This was definitely super cute! Our main character is Audrey, a 14-year-old with severe anxiety and depressive episodes. "To put you out of your misery, here's the full diagnosis. Social Anxiety Disorder, General Anxiety Disorder and Depressive Episodes." She also often mentions being 'overly sensitive' which hey! something I can relate to! I'll talk a bit more a bout this later. 

The problem is, her disorders are so prominent in her life that she quit school and went to a mental hospital for a while. She comes back home, to a mom who takes everything in the Daily Mail far too seriously, a brother who is addicted to video games, a 4-year-old, and a dad who's doing his best to keep everything running smoothly. 

Now her brother's best friend, Linus, comes into her life, and she starts coming out of her shell, little by little. 

This book is funny and quirky and yet manages to keep a light atmosphere while exploring very dark topics as mental illness. I thought that the balance was perfect, and that this book could easily be appreciated for younger audiences, just as much as older readers! 

That's all I can really say without spoilers! You've been warned! 

This book was so, incredibly wholesome, and really relateable. My mom's often taking things on the news at heart (we basically live a no-sugar life now, among other random things, haha!), my brother also had a time where he would hide to play video games, and now it's just accepted. I also have weird brain episodes where my 'lizard brain' says one thing but my normal brain says something else. Being overly sensitive was really shown well, for once, in a book. Too much external stimulus is exhausting, overthinking is a great friennemy... things like that. 

There were so many moments that were really heartwarming, and others that I could easily see in a movie! Audrey's relationship with Linus was adorable, and I absolutely loved how he would just make sure she was okay, or that what he was doing would not freak her out too much. He was such a sunshine in the book! 

I also just really loved how, while Frank found a passion for cooking, the family accepted his love for video games, and went to the tournament with him, despite having obviously been against his addiction. In fact, the entire family dynamics of the book was something I wish I could see more often in literature - everyone really loved each other, despite the little mishaps here and there. Like I said, sometimes reading this felt like looking into a mirror. 

I just had one problem with it. While the book in general portrayed mental illnesses in what I thought was a really elegant yet powerful way (especially with the scene where Audrey meets an old friend of hers, who has awful misconceptions about Audrey's mental stability!!), I had a hard time with the fact that Audrey got better so quickly. 

Now I feel like a hypocrite. I usually don't like it when people say a book is bad because it did a bad job portraying an illness. That is not what I'm about to say. As I've been saying, this book did a really good job with it! There was only one thing that I wish could have been re-thought. 
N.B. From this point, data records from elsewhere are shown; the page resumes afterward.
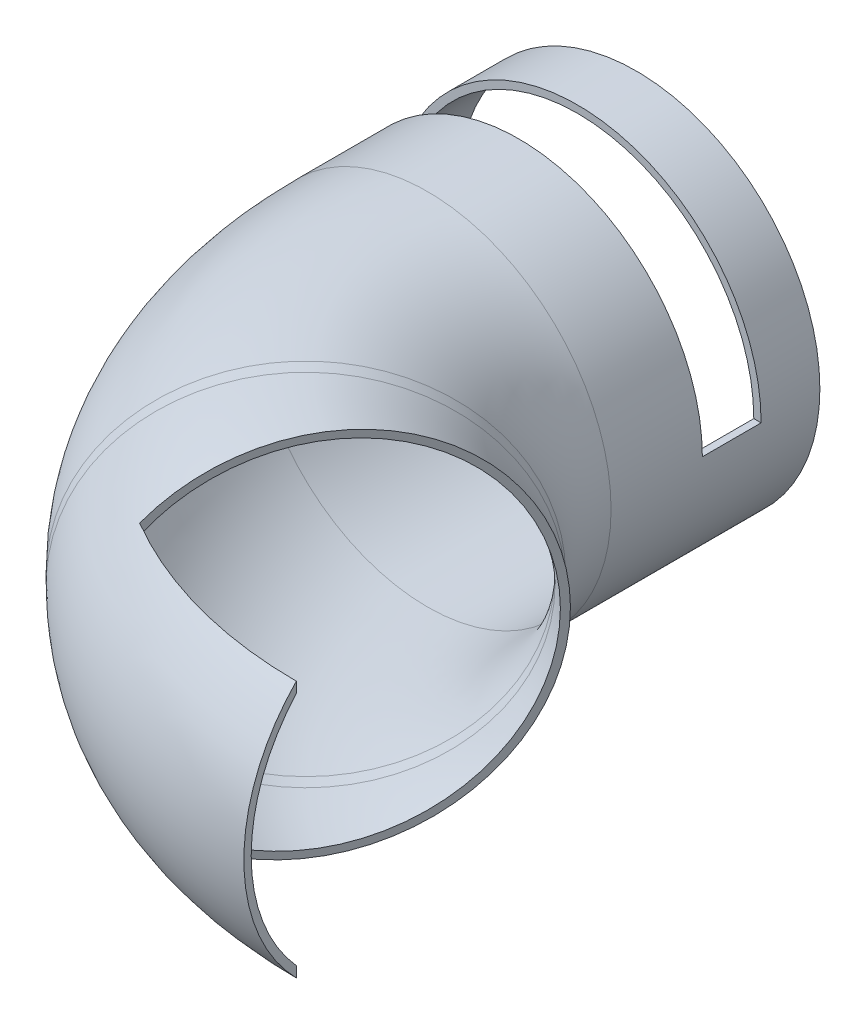
ISO-10303-21;
HEADER;
FILE_DESCRIPTION(('STEP AP214'),'2;1');
FILE_NAME('part.step','',(''),(''),'','','');
FILE_SCHEMA(('AUTOMOTIVE_DESIGN { 1 0 10303 214 1 1 1 1 }'));
ENDSEC;
DATA;
#1=APPLICATION_CONTEXT('core data for automotive mechanical design processes');
#2=APPLICATION_PROTOCOL_DEFINITION('international standard','automotive_design',2000,#1);
#3=PRODUCT_CONTEXT('',#1,'mechanical');
#4=PRODUCT('Part','Part','',(#3));
#5=PRODUCT_RELATED_PRODUCT_CATEGORY('part','',(#4));
#6=PRODUCT_DEFINITION_FORMATION('','',#4);
#7=PRODUCT_DEFINITION_CONTEXT('part definition',#1,'design');
#8=PRODUCT_DEFINITION('design','',#6,#7);
#9=PRODUCT_DEFINITION_SHAPE('','',#8);
#10=(LENGTH_UNIT() NAMED_UNIT(*) SI_UNIT(.MILLI.,.METRE.));
#11=(NAMED_UNIT(*) PLANE_ANGLE_UNIT() SI_UNIT($,.RADIAN.));
#12=(NAMED_UNIT(*) SI_UNIT($,.STERADIAN.) SOLID_ANGLE_UNIT());
#13=UNCERTAINTY_MEASURE_WITH_UNIT(LENGTH_MEASURE(1.E-05),#10,'distance_accuracy_value','');
#14=(GEOMETRIC_REPRESENTATION_CONTEXT(3) GLOBAL_UNCERTAINTY_ASSIGNED_CONTEXT((#13)) GLOBAL_UNIT_ASSIGNED_CONTEXT((#10,
#11,#12)) REPRESENTATION_CONTEXT('',''));
#15=CARTESIAN_POINT('',(0.,0.,0.));
#16=DIRECTION('',(0.,0.,1.));
#17=DIRECTION('',(1.,0.,0.));
#18=AXIS2_PLACEMENT_3D('',#15,#16,#17);
#19=CARTESIAN_POINT('',(0.,0.,0.));
#20=DIRECTION('',(0.,0.,1.));
#21=DIRECTION('',(1.,0.,0.));
#22=AXIS2_PLACEMENT_3D('',#19,#20,#21);
#23=CYLINDRICAL_SURFACE('',#22,25.);
#24=CARTESIAN_POINT('',(0.,0.,28.4314575050761));
#25=DIRECTION('',(0.,0.,1.));
#26=DIRECTION('',(1.,0.,0.));
#27=AXIS2_PLACEMENT_3D('',#24,#25,#26);
#28=CIRCLE('',#27,25.);
#29=CARTESIAN_POINT('',(-25.,0.,28.4314575050761));
#30=VERTEX_POINT('',#29);
#31=EDGE_CURVE('E157',#30,#30,#28,.T.);
#32=ORIENTED_EDGE('',*,*,#31,.F.);
#33=EDGE_LOOP('',(#32));
#34=FACE_BOUND('',#33,.T.);
#35=CARTESIAN_POINT('',(0.,0.,0.));
#36=DIRECTION('',(0.,0.,1.));
#37=DIRECTION('',(1.,0.,0.));
#38=AXIS2_PLACEMENT_3D('',#35,#36,#37);
#39=CIRCLE('',#38,25.);
#40=CARTESIAN_POINT('',(25.,0.,0.));
#41=VERTEX_POINT('',#40);
#42=EDGE_CURVE('E177',#41,#41,#39,.T.);
#43=ORIENTED_EDGE('',*,*,#42,.T.);
#44=EDGE_LOOP('',(#43));
#45=FACE_BOUND('',#44,.T.);
#46=DIRECTION('',(0.,0.,-1.));
#47=VECTOR('',#46,1.);
#48=CARTESIAN_POINT('',(25.,0.,16.));
#49=LINE('',#48,#47);
#50=CARTESIAN_POINT('',(25.,0.,16.));
#51=VERTEX_POINT('',#50);
#52=CARTESIAN_POINT('',(25.,0.,8.00000000000001));
#53=VERTEX_POINT('',#52);
#54=EDGE_CURVE('E118',#51,#53,#49,.T.);
#55=ORIENTED_EDGE('',*,*,#54,.F.);
#56=CARTESIAN_POINT('',(0.,0.,16.));
#57=DIRECTION('',(0.,0.,-1.));
#58=DIRECTION('',(-1.,0.,0.));
#59=AXIS2_PLACEMENT_3D('',#56,#57,#58);
#60=CIRCLE('',#59,25.);
#61=CARTESIAN_POINT('',(-25.,0.,16.));
#62=VERTEX_POINT('',#61);
#63=EDGE_CURVE('E114',#51,#62,#60,.F.);
#64=ORIENTED_EDGE('',*,*,#63,.T.);
#65=DIRECTION('',(0.,0.,1.));
#66=VECTOR('',#65,1.);
#67=CARTESIAN_POINT('',(-25.,0.,16.));
#68=LINE('',#67,#66);
#69=CARTESIAN_POINT('',(-25.,0.,8.00000000000001));
#70=VERTEX_POINT('',#69);
#71=EDGE_CURVE('E122',#70,#62,#68,.T.);
#72=ORIENTED_EDGE('',*,*,#71,.F.);
#73=CARTESIAN_POINT('',(0.,0.,8.00000000000001));
#74=DIRECTION('',(0.,0.,1.));
#75=DIRECTION('',(1.,0.,0.));
#76=AXIS2_PLACEMENT_3D('',#73,#74,#75);
#77=CIRCLE('',#76,25.);
#78=EDGE_CURVE('E129',#70,#53,#77,.F.);
#79=ORIENTED_EDGE('',*,*,#78,.T.);
#80=EDGE_LOOP('',(#55,#64,#72,#79));
#81=FACE_BOUND('',#80,.T.);
#82=ADVANCED_FACE('F44',(#34,#45,#81),#23,.T.);
#83=CARTESIAN_POINT('',(40.,0.,28.4314575050761));
#84=DIRECTION('',(0.,1.,0.));
#85=DIRECTION('',(0.,0.,1.));
#86=AXIS2_PLACEMENT_3D('',#83,#84,#85);
#87=TOROIDAL_SURFACE('',#86,40.,25.);
#88=CARTESIAN_POINT('',(11.7157287525381,0.,56.715728752538));
#89=DIRECTION('',(0.707106781186546,0.,0.707106781186549));
#90=DIRECTION('',(0.707106781186549,0.,-0.707106781186546));
#91=AXIS2_PLACEMENT_3D('',#88,#89,#90);
#92=CIRCLE('',#91,25.);
#93=CARTESIAN_POINT('',(-5.96194077712566,0.,74.3933982822016));
#94=VERTEX_POINT('',#93);
#95=EDGE_CURVE('E182',#94,#94,#92,.T.);
#96=CARTESIAN_POINT('',(40.,0.,28.4314575050761));
#97=DIRECTION('',(0.,1.,0.));
#98=DIRECTION('',(0.,0.,1.));
#99=AXIS2_PLACEMENT_3D('',#96,#97,#98);
#100=CIRCLE('',#99,65.);
#101=EDGE_CURVE('',#30,#94,#100,.T.);
#102=ORIENTED_EDGE('',*,*,#31,.T.);
#103=ORIENTED_EDGE('',*,*,#95,.F.);
#104=ORIENTED_EDGE('',*,*,#101,.T.);
#105=ORIENTED_EDGE('',*,*,#101,.F.);
#106=EDGE_LOOP('',(#102,#104,#103,#105));
#107=FACE_BOUND('',#106,.T.);
#108=ADVANCED_FACE('F213',(#107),#87,.T.);
#109=CARTESIAN_POINT('',(11.7157287525381,0.,56.715728752538));
#110=DIRECTION('',(0.707106781186543,0.,0.707106781186552));
#111=DIRECTION('',(0.707106781186552,0.,-0.707106781186543));
#112=AXIS2_PLACEMENT_3D('',#109,#110,#111);
#113=CYLINDRICAL_SURFACE('',#112,25.);
#114=CARTESIAN_POINT('',(13.033008588991,0.,58.0330085889909));
#115=DIRECTION('',(0.707106781186543,0.,0.707106781186552));
#116=DIRECTION('',(0.707106781186552,0.,-0.707106781186543));
#117=AXIS2_PLACEMENT_3D('',#114,#115,#116);
#118=CIRCLE('',#117,25.);
#119=CARTESIAN_POINT('',(30.7106781186548,0.,40.3553390593273));
#120=VERTEX_POINT('',#119);
#121=EDGE_CURVE('E179',#120,#120,#118,.T.);
#122=ORIENTED_EDGE('',*,*,#121,.F.);
#123=EDGE_LOOP('',(#122));
#124=FACE_BOUND('',#123,.T.);
#125=ORIENTED_EDGE('',*,*,#95,.T.);
#126=EDGE_LOOP('',(#125));
#127=FACE_BOUND('',#126,.T.);
#128=ADVANCED_FACE('F226',(#124,#127),#113,.T.);
#129=CARTESIAN_POINT('',(41.3172798364529,0.,29.748737341529));
#130=DIRECTION('',(0.,1.,0.));
#131=DIRECTION('',(0.,0.,1.));
#132=AXIS2_PLACEMENT_3D('',#129,#130,#131);
#133=TOROIDAL_SURFACE('',#132,39.9999999999999,25.);
#134=CARTESIAN_POINT('',(41.3172798364529,17.5,29.748737341529));
#135=DIRECTION('',(0.,1.,0.));
#136=DIRECTION('',(-0.506589296021684,0.,0.862187500000003));
#137=AXIS2_PLACEMENT_3D('',#134,#135,#136);
#138=CIRCLE('',#137,57.8535710713573);
#139=CARTESIAN_POINT('',(12.0092799950735,17.5,79.6293631496151));
#140=VERTEX_POINT('',#139);
#141=CARTESIAN_POINT('',(41.3172798364533,17.5,87.6023084128864));
#142=VERTEX_POINT('',#141);
#143=EDGE_CURVE('E138',#140,#142,#138,.T.);
#144=ORIENTED_EDGE('',*,*,#143,.F.);
#145=CARTESIAN_POINT('',(21.0537079955856,0.,64.2362373415291));
#146=DIRECTION('',(0.862187500000001,0.,0.506589296021686));
#147=DIRECTION('',(0.506589296021686,0.,-0.862187500000001));
#148=AXIS2_PLACEMENT_3D('',#145,#146,#147);
#149=CIRCLE('',#148,25.0000000000002);
#150=CARTESIAN_POINT('',(12.0092799950735,-17.5,79.6293631496151));
#151=VERTEX_POINT('',#150);
#152=EDGE_CURVE('E128',#151,#140,#149,.T.);
#153=ORIENTED_EDGE('',*,*,#152,.F.);
#154=CARTESIAN_POINT('',(41.3172798364529,-17.5,29.748737341529));
#155=DIRECTION('',(0.,1.,0.));
#156=DIRECTION('',(-0.506589296021684,0.,0.862187500000003));
#157=AXIS2_PLACEMENT_3D('',#154,#155,#156);
#158=CIRCLE('',#157,57.8535710713573);
#159=CARTESIAN_POINT('',(41.3172798364533,-17.5,87.6023084128864));
#160=VERTEX_POINT('',#159);
#161=EDGE_CURVE('E141',#151,#160,#158,.T.);
#162=ORIENTED_EDGE('',*,*,#161,.T.);
#163=CARTESIAN_POINT('',(41.3172798364529,0.,69.748737341529));
#164=DIRECTION('',(1.,0.,0.));
#165=DIRECTION('',(0.,0.,-1.));
#166=AXIS2_PLACEMENT_3D('',#163,#164,#165);
#167=CIRCLE('',#166,25.);
#168=EDGE_CURVE('E162',#142,#160,#167,.T.);
#169=ORIENTED_EDGE('',*,*,#168,.F.);
#170=EDGE_LOOP('',(#144,#153,#162,#169));
#171=FACE_BOUND('',#170,.T.);
#172=ORIENTED_EDGE('',*,*,#121,.T.);
#173=EDGE_LOOP('',(#172));
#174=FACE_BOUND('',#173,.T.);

I have friends with anxiety and depression. I myself was recently diagnosed Overly Sensitive, which is also a type of anxiety. None of us have had it so bad that we ended up missing school because we had to go to the hospital. And yet we also all know that these things don't just go away. (Overly Sensitive being a mix of being mentally affected by too much stimuli, the sudden overthinking of a simple thought, or being extremely affected by what I downplay as 'people being idiots'. You also just feel things more deeply, like when you miss someone or somehwere, for instance.)

The book did give an excellent message. Sometimes, pushing yourself to do something scary is a good way to learn that it might not be as bad as you thought. I guess it's the same as telling a kid 'how do you know you don't like broccoli if you've never tried it?'. 

The odd thing was that once Audrey tried the scary things, and got a boyfriend, all of her doubts just vanished. I do understand the boost of confidence that being in a relationship - romantic or platonic - can bring, but it doesn't fix everything on it's own like that. You might slowly learn to find coping mechanisms, to accept your fears but don't let them own you, but not once have I experienced anyone telling me "Oh my depression vanished once I got up and did something about it!". 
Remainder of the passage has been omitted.